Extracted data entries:
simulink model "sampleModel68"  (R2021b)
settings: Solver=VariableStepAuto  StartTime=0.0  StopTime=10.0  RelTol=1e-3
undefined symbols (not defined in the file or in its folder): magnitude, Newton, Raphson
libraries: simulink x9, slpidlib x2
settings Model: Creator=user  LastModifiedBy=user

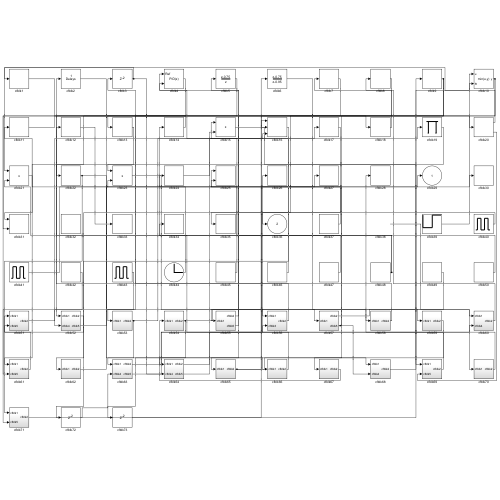
[thumbnail: Simulink's stored preview of the top-level diagram]
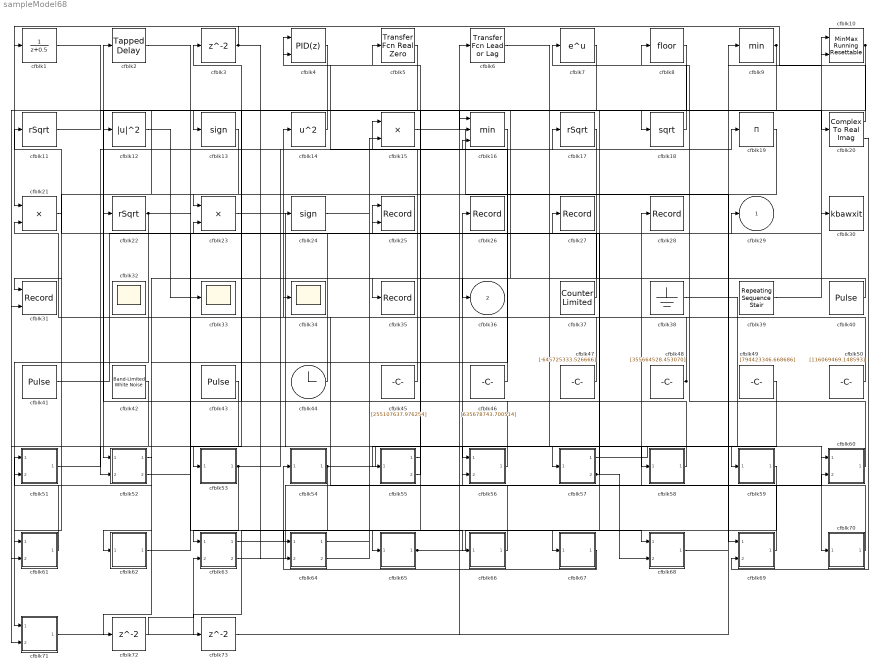
== system sampleModel68 ==
  cfblk1 : DiscreteTransferFcn  SampleTime=1
  cfblk10 : simulink/Math Operations/MinMax Running Resettable  Function=min  vinit=0.0
  cfblk11 : Sqrt  Operator=rSqrt  AlgorithmType=Newton-Raphson  SaturateOnIntegerOverflow=on
  cfblk12 : Math  Operator=magnitude^2  SaturateOnIntegerOverflow=on
  cfblk13 : Signum
  cfblk14 : Math  Operator=square  SaturateOnIntegerOverflow=on
  cfblk15 : Product  Inputs=**
  cfblk16 : MinMax  Inputs=3
  cfblk17 : Sqrt  Operator=rSqrt  AlgorithmType=Newton-Raphson  SaturateOnIntegerOverflow=on
  cfblk18 : Sqrt  SaturateOnIntegerOverflow=on
  cfblk19 : Product  Inputs=*
  cfblk2 : simulink/Discrete/Tapped Delay  vinit=0.0  samptime=-1  NumDelays=1  DelayOrder=Oldest  includeCurrent=off
  cfblk20 : ComplexToRealImag
  cfblk21 : Product
  cfblk22 : Sqrt  Operator=rSqrt  AlgorithmType=Newton-Raphson  SaturateOnIntegerOverflow=on
  cfblk23 : Product  Inputs=**
  cfblk24 : Signum
  cfblk25 : Record  FileSettingsInternal="{\"entries\":[{\"content\":{\"excelSettings\":{\"content\":{},\"type\":\"Streamout.ExcelSettings\"}},\"type\":\"Streamout.FileSettingStorage\",\"uuid\":\"7380ae25-d94a-4681-bf5d-5ee3cf68c672\"}],\"packageUris\":[\"http://schema.mathworks.com/mf0/streamout_blocks/R2020a\"],\"version\":\"1.0\"}"  Layout=[1 1]  SignalsInternal="{\"entries\":[{\"content\":{\"signals\":[{\"content\":{\"blockPath\":[\"sampleModel68/cfblk25\"],\"channel\":[],\"dimensions\":[1],\"domain\":\"sampleModel68/cfblk25\",\"lineColor\":\"#a2142f\",\"plots\":[1],\"port\":1,\"sid\":[\"\"],\"signalID\":2597,\"signalName\":\"cfblk45\"},\"type\":\"RecordBlkView.Signal\",\"uuid\":\"14372fe8-37bd-4dd9-b022-ca2b2938b13a\"},{\"content\":{\"blockPath\":[\"sampleModel68/cfblk25\"],\"channel\":[],\"dimensions\":[1],\"domain\":\"sampleModel68/cfblk25\",\"lineColor\":\"#139fff\",\"plots\":[1],\"port\":2,\"sid\":[\"\"],\"signalID\":2601,\"signalName\":\"cfblk57:2\"},\"type\":\"RecordBlkView.Signal\",\"uuid\":\"d926118c-bf66-4285-a082-df532e1a02d1\"}]},\"type\":\"RecordBlkView.InputSignals\",\"uuid\":\"7acbd860-2b2a-4c58-bd97-e2d0956e5af0\"}],\"packageUris\":[\"http://schema.mathworks.com/mf0/streamout_blocks/R2020a\"],\"version\":\"1.0\"}"  VisualizationBindings="{\"xyplotplugin\":{\"info\":[{\"series\":[{\"bindingParametersList\":[{\"parameter\":\"X-Axis\",\"signalID\":2597,\"signalName\":\"cfblk45\"},{\"parameter\":\"Y-Axis\",\"signalID\":2601,\"signalName\":\"cfblk57:2\"}],\"seriesID\":43011}],\"subplotID\":1}]}}"  CompatibilityTag=XY
  cfblk26 : Record  FileSettingsInternal="{\"entries\":[{\"content\":{\"excelSettings\":{\"content\":{},\"type\":\"Streamout.ExcelSettings\"}},\"type\":\"Streamout.FileSettingStorage\",\"uuid\":\"f47baa91-5e85-4539-9bdd-62570cf60bad\"}],\"packageUris\":[\"http://schema.mathworks.com/mf0/streamout_blocks/R2020a\"],\"version\":\"1.0\"}"  SignalsInternal="{\"entries\":[{\"content\":{\"signals\":[{\"content\":{\"blockPath\":[\"sampleModel68/cfblk26\"],\"channel\":[],\"dimensions\":[1],\"domain\":\"sampleModel68/cfblk26\",\"lineColor\":\"#0072bd\",\"plots\":[1],\"port\":1,\"sid\":[\"\"],\"signalID\":2617,\"signalName\":\"cfblk66\"},\"type\":\"RecordBlkView.Signal\",\"uuid\":\"ce7d10c1-a342-4b76-a021-8b8f96db9006\"}]},\"type\":\"RecordBlkView.InputSignals\",\"uuid\":\"a1fcf589-8043-40eb-83d7-4e4254cbec00\"}],\"packageUris\":[\"http://schema.mathworks.com/mf0/streamout_blocks/R2020a\"],\"version\":\"1.0\"}"  VisualizationBindings="{\"sparklinesplugin\":{\"info\":[{\"bindingParametersList\":[],\"subplotID\":1}]}}"
  cfblk27 : Record  FileSettingsInternal="{\"entries\":[{\"content\":{\"excelSettings\":{\"content\":{},\"type\":\"Streamout.ExcelSettings\"}},\"type\":\"Streamout.FileSettingStorage\",\"uuid\":\"7fca77e6-a95a-4af2-994f-8cefc4879576\"}],\"packageUris\":[\"http://schema.mathworks.com/mf0/streamout_blocks/R2020a\"],\"version\":\"1.0\"}"  SignalsInternal="{\"entries\":[{\"content\":{\"signals\":[{\"content\":{\"blockPath\":[\"sampleModel68/cfblk27\"],\"channel\":[],\"dimensions\":[1],\"domain\":\"sampleModel68/cfblk27\",\"lineColor\":\"#ff13a6\",\"plots\":[1],\"port\":1,\"sid\":[\"\"],\"signalID\":2605,\"signalName\":\"cfblk62\"},\"type\":\"RecordBlkView.Signal\",\"uuid\":\"25dd8e9c-f56c-4ed2-a9cf-a14533026692\"}]},\"type\":\"RecordBlkView.InputSignals\",\"uuid\":\"8aec1518-f338-4448-a462-eff875f2086d\"}],\"packageUris\":[\"http://schema.mathworks.com/mf0/streamout_blocks/R2020a\"],\"version\":\"1.0\"}"  VisualizationBindings="{\"sparklinesplugin\":{\"info\":[{\"bindingParametersList\":[],\"subplotID\":1}]}}"
  cfblk28 : Record  FileSettingsInternal="{\"entries\":[{\"content\":{\"excelSettings\":{\"content\":{},\"type\":\"Streamout.ExcelSettings\"}},\"type\":\"Streamout.FileSettingStorage\",\"uuid\":\"0b6a57c5-e48f-4051-9630-9944b72aff24\"}],\"packageUris\":[\"http://schema.mathworks.com/mf0/streamout_blocks/R2020a\"],\"version\":\"1.0\"}"  SignalsInternal="{\"entries\":[{\"content\":{\"signals\":[{\"content\":{\"blockPath\":[\"sampleModel68/cfblk28\"],\"channel\":[],\"dimensions\":[1],\"domain\":\"sampleModel68/cfblk28\",\"lineColor\":\"#edb120\",\"plots\":[1],\"port\":1,\"sid\":[\"\"],\"signalID\":2625,\"signalName\":\"cfblk70\"},\"type\":\"RecordBlkView.Signal\",\"uuid\":\"dc8e6425-624f-40ca-b929-8e8e8d4940ce\"}]},\"type\":\"RecordBlkView.InputSignals\",\"uuid\":\"d190679b-f694-456f-800b-168cbe042715\"}],\"packageUris\":[\"http://schema.mathworks.com/mf0/streamout_blocks/R2020a\"],\"version\":\"1.0\"}"  VisualizationBindings="{\"sparklinesplugin\":{\"info\":[{\"bindingParametersList\":[],\"subplotID\":1}]}}"
  cfblk3 : Delay  SampleTime=1
  cfblk30 : ToWorkspace  VariableName=kbawxit  SaveFormat=Timeseries  SampleTime=-1
  cfblk31 : Record  FileSettingsInternal="{\"entries\":[{\"content\":{\"excelSettings\":{\"content\":{},\"type\":\"Streamout.ExcelSettings\"}},\"type\":\"Streamout.FileSettingStorage\",\"uuid\":\"7dd7fc0f-01a8-4e3d-a00e-f98f5cc25ed7\"}],\"packageUris\":[\"http://schema.mathworks.com/mf0/streamout_blocks/R2020a\"],\"version\":\"1.0\"}"  Layout=[1 1]  SignalsInternal="{\"entries\":[{\"content\":{\"signals\":[{\"content\":{\"blockPath\":[\"sampleModel68/cfblk31\"],\"channel\":[],\"dimensions\":[1],\"domain\":\"sampleModel68/cfblk31\",\"lineColor\":\"#a2142f\",\"plots\":[1],\"port\":1,\"sid\":[\"\"],\"signalID\":2609,\"signalName\":\"cfblk13\"},\"type\":\"RecordBlkView.Signal\",\"uuid\":\"1befd8ad-63b6-41b6-b49e-12842e72401a\"},{\"content\":{\"blockPath\":[\"sampleModel68/cfblk31\"],\"channel\":[],\"dimensions\":[1],\"domain\":\"sampleModel68/cfblk31\",\"lineColor\":\"#139fff\",\"plots\":[1],\"port\":2,\"sid\":[\"\"],\"signalID\":2613,\"signalName\":\"cfblk4\"},\"type\":\"RecordBlkView.Signal\",\"uuid\":\"e4cc32b6-11bf-4c93-9d61-67df3e9ed535\"}]},\"type\":\"RecordBlkView.InputSignals\",\"uuid\":\"9e53f5fc-b0f2-4e3d-bb43-917b54e9e2d2\"}],\"packageUris\":[\"http://schema.mathworks.com/mf0/streamout_blocks/R2020a\"],\"version\":\"1.0\"}"  VisualizationBindings="{\"xyplotplugin\":{\"info\":[{\"series\":[{\"bindingParametersList\":[{\"parameter\":\"X-Axis\",\"signalID\":2609,\"signalName\":\"cfblk13\"},{\"parameter\":\"Y-Axis\",\"signalID\":2613,\"signalName\":\"cfblk4\"}],\"seriesID\":44428}],\"subplotID\":1}]}}"  CompatibilityTag=XY
  cfblk32 : Scope
      settings: Floating=on
  cfblk33 : Scope
  cfblk34 : Scope
  cfblk35 : Record  FileSettingsInternal="{\"entries\":[{\"content\":{\"excelSettings\":{\"content\":{},\"type\":\"Streamout.ExcelSettings\"}},\"type\":\"Streamout.FileSettingStorage\",\"uuid\":\"e62acdcb-7c93-4ae9-a251-67a68609c7cf\"}],\"packageUris\":[\"http://schema.mathworks.com/mf0/streamout_blocks/R2020a\"],\"version\":\"1.0\"}"  SignalsInternal="{\"entries\":[{\"content\":{\"signals\":[{\"content\":{\"blockPath\":[\"sampleModel68/cfblk35\"],\"channel\":[],\"dimensions\":[1],\"domain\":\"sampleModel68/cfblk35\",\"lineColor\":\"#d95319\",\"plots\":[1],\"port\":1,\"sid\":[\"\"],\"signalID\":2621,\"signalName\":\"cfblk40\"},\"type\":\"RecordBlkView.Signal\",\"uuid\":\"cba5933c-5ebb-4ff9-ad8b-2eadd83d23f5\"}]},\"type\":\"RecordBlkView.InputSignals\",\"uuid\":\"4eef4586-6a89-45b6-bd2f-dfe3524fb43a\"}],\"packageUris\":[\"http://schema.mathworks.com/mf0/streamout_blocks/R2020a\"],\"version\":\"1.0\"}"  VisualizationBindings="{\"sparklinesplugin\":{\"info\":[{\"bindingParametersList\":[],\"subplotID\":1}]}}"
  cfblk37 : simulink/Sources/Counter Limited  uplimit=[649.000000]  tsamp=-1
  cfblk38 : Ground
  cfblk39 : simulink/Sources/Repeating Sequence Stair  OutValues=[645973491.139830, 703038970.892550]  tsamp=-1  OutMin=[]  OutMax=[]  OutDataTypeStr=double  OutputDataTypeScalingMode=double  OutDataType=fixdt(0,8)  ConRadixGroup=Best Precision: Vector-wise  OutScaling=2^-12
  cfblk4 : slpidlib/PID Controller (2DOF)  Controller=PID  Form=Parallel  TimeDomain=Discrete-time  UseExternalTs=off  SampleTime=1  IntegratorMethod=Forward Euler  FilterMethod=Forward Euler  ControllerParametersSource=internal  P=1  I=1  D=0  UseFilter=on  N=100  b=1  c=1  TunerSelectOption=Transfer Function Based (PID Tuner App)  InitialConditionSource=internal  InitialConditionForIntegrator=0  InitialConditionForFilter=0  DifferentiatorICPrevScaledInput=0  ExternalReset=none  TrackingMode=off  Kt=1  LimitOutput=off  SatLimitsSource=internal  UpperSaturationLimit=inf  LowerSaturationLimit=-inf  LinearizeAsGain=off  AntiWindupMode=none  Kb=1  POutMin=[]  POutMax=[]  IOutMin=[]  IOutMax=[]  DOutMin=[]  DOutMax=[]  NOutMin=[]  NOutMax=[]  bOutMin=[]  bOutMax=[]  cOutMin=[]  cOutMax=[]  SumOutMin=[]  SumOutMax=[]  SaturationOutMin=[]  SaturationOutMax=[]  PParamMin=[]  PParamMax=[]  IParamMin=[]  IParamMax=[]  DParamMin=[]  DParamMax=[]  NParamMin=[]  NParamMax=[]  bParamMin=[]  bParamMax=[]  cParamMin=[]  cParamMax=[]  KbParamMin=[]  KbParamMax=[]  KtParamMin=[]  KtParamMax=[]  KbOutMin=[]  KbOutMax=[]  KtOutMin=[]  KtOutMax=[]  IntegratorOutMin=[]  IntegratorOutMax=[]  FilterOutMin=[]  FilterOutMax=[]  SumI1OutMin=[]  SumI1OutMax=[]  SumI2OutMin=[]  SumI2OutMax=[]  SumI3OutMin=[]  SumI3OutMax=[]  SumI4OutMin=[]  SumI4OutMax=[]  SumDOutMin=[]  SumDOutMax=[]  Sum1OutMin=[]  Sum1OutMax=[]  Sum2OutMin=[]  Sum2OutMax=[]  Sum3OutMin=[]  Sum3OutMax=[]  DifferentiatorOutMin=[]  DifferentiatorOutMax=[]  FilterDiffOutCoefMin=[]  FilterDiffOutCoefMax=[]  ReciprocalOutMin=[]  ReciprocalOutMax=[]  SumDenOutMin=[]  SumDenOutMax=[]  SumNumOutMin=[]  SumNumOutMax=[]  DivideOutMin=[]  DivideOutMax=[]  UdiffTsProdOutMin=[]  UdiffTsProdOutMax=[]  NTsProdOutMin=[]  NTsProdOutMax=[]  UintegralTsProdOutMin=[]  UintegralTsProdOutMax=[]  UngainTsProdOutMin=[]  UngainTsProdOutMax=[]  IntegratorContinuousStateAttributes=''  IntegratorStateMustResolveToSignalObject=off  IntegratorRTWStateStorageClass=Auto  FilterContinuousStateAttributes=''  FilterStateMustResolveToSignalObject=off  FilterRTWStateStorageClass=Auto  ParallelPVariant=InternalParameters  IdealPVariant=Disabled  IVariant=InternalParameters  DVariant=InternalParameters  bVariant=InternalParameters  cVariant=InternalParameters  IntegratorVariant=Discrete  SatVariant=Disabled  AWVariant=Passthrough  PCopyVariant=Disabled  TRVariant=Disabled  FdbkBlocksVariant=Forward  IdealPFdbkVariant=Disabled  SatFdbkVariant=Disabled  DerivativeFilterVariant=ForwardEulerFilter  NVariant=InternalParameters  NCopyVariant=Disabled  FilterICVariant=InternalICsFilter  IntegratorICVariant=InternalICs  ExternalResetVariant=Disabled  TRSumVariant=Passthrough  SumFdbkVariant=Disabled  SumVariant=Sum_PID  TsampFilterVariant=InternalTs  TsampNgainVariant=Passthrough  TsampIntegralVariant=Passthrough  ExternalSaturationOutDataTypeStr=Inherit: Same as second input
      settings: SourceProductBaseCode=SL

=== EXERCISE OBJECTIVE ===
Among the entries above, the lines between the ones containing "cfblk22 : Sqrt" and "cfblk25 : Record", inclusive, are to be transcribed exactly. No other line is to be given.

=== OUTPUT OF THE EXERCISE ===
  cfblk22 : Sqrt  Operator=rSqrt  AlgorithmType=Newton-Raphson  SaturateOnIntegerOverflow=on
  cfblk23 : Product  Inputs=**
  cfblk24 : Signum
  cfblk25 : Record  FileSettingsInternal="{\"entries\":[{\"content\":{\"excelSettings\":{\"content\":{},\"type\":\"Streamout.ExcelSettings\"}},\"type\":\"Streamout.FileSettingStorage\",\"uuid\":\"7380ae25-d94a-4681-bf5d-5ee3cf68c672\"}],\"packageUris\":[\"http://schema.mathworks.com/mf0/streamout_blocks/R2020a\"],\"version\":\"1.0\"}"  Layout=[1 1]  SignalsInternal="{\"entries\":[{\"content\":{\"signals\":[{\"content\":{\"blockPath\":[\"sampleModel68/cfblk25\"],\"channel\":[],\"dimensions\":[1],\"domain\":\"sampleModel68/cfblk25\",\"lineColor\":\"#a2142f\",\"plots\":[1],\"port\":1,\"sid\":[\"\"],\"signalID\":2597,\"signalName\":\"cfblk45\"},\"type\":\"RecordBlkView.Signal\",\"uuid\":\"14372fe8-37bd-4dd9-b022-ca2b2938b13a\"},{\"content\":{\"blockPath\":[\"sampleModel68/cfblk25\"],\"channel\":[],\"dimensions\":[1],\"domain\":\"sampleModel68/cfblk25\",\"lineColor\":\"#139fff\",\"plots\":[1],\"port\":2,\"sid\":[\"\"],\"signalID\":2601,\"signalName\":\"cfblk57:2\"},\"type\":\"RecordBlkView.Signal\",\"uuid\":\"d926118c-bf66-4285-a082-df532e1a02d1\"}]},\"type\":\"RecordBlkView.InputSignals\",\"uuid\":\"7acbd860-2b2a-4c58-bd97-e2d0956e5af0\"}],\"packageUris\":[\"http://schema.mathworks.com/mf0/streamout_blocks/R2020a\"],\"version\":\"1.0\"}"  VisualizationBindings="{\"xyplotplugin\":{\"info\":[{\"series\":[{\"bindingParametersList\":[{\"parameter\":\"X-Axis\",\"signalID\":2597,\"signalName\":\"cfblk45\"},{\"parameter\":\"Y-Axis\",\"signalID\":2601,\"signalName\":\"cfblk57:2\"}],\"seriesID\":43011}],\"subplotID\":1}]}}"  CompatibilityTag=XY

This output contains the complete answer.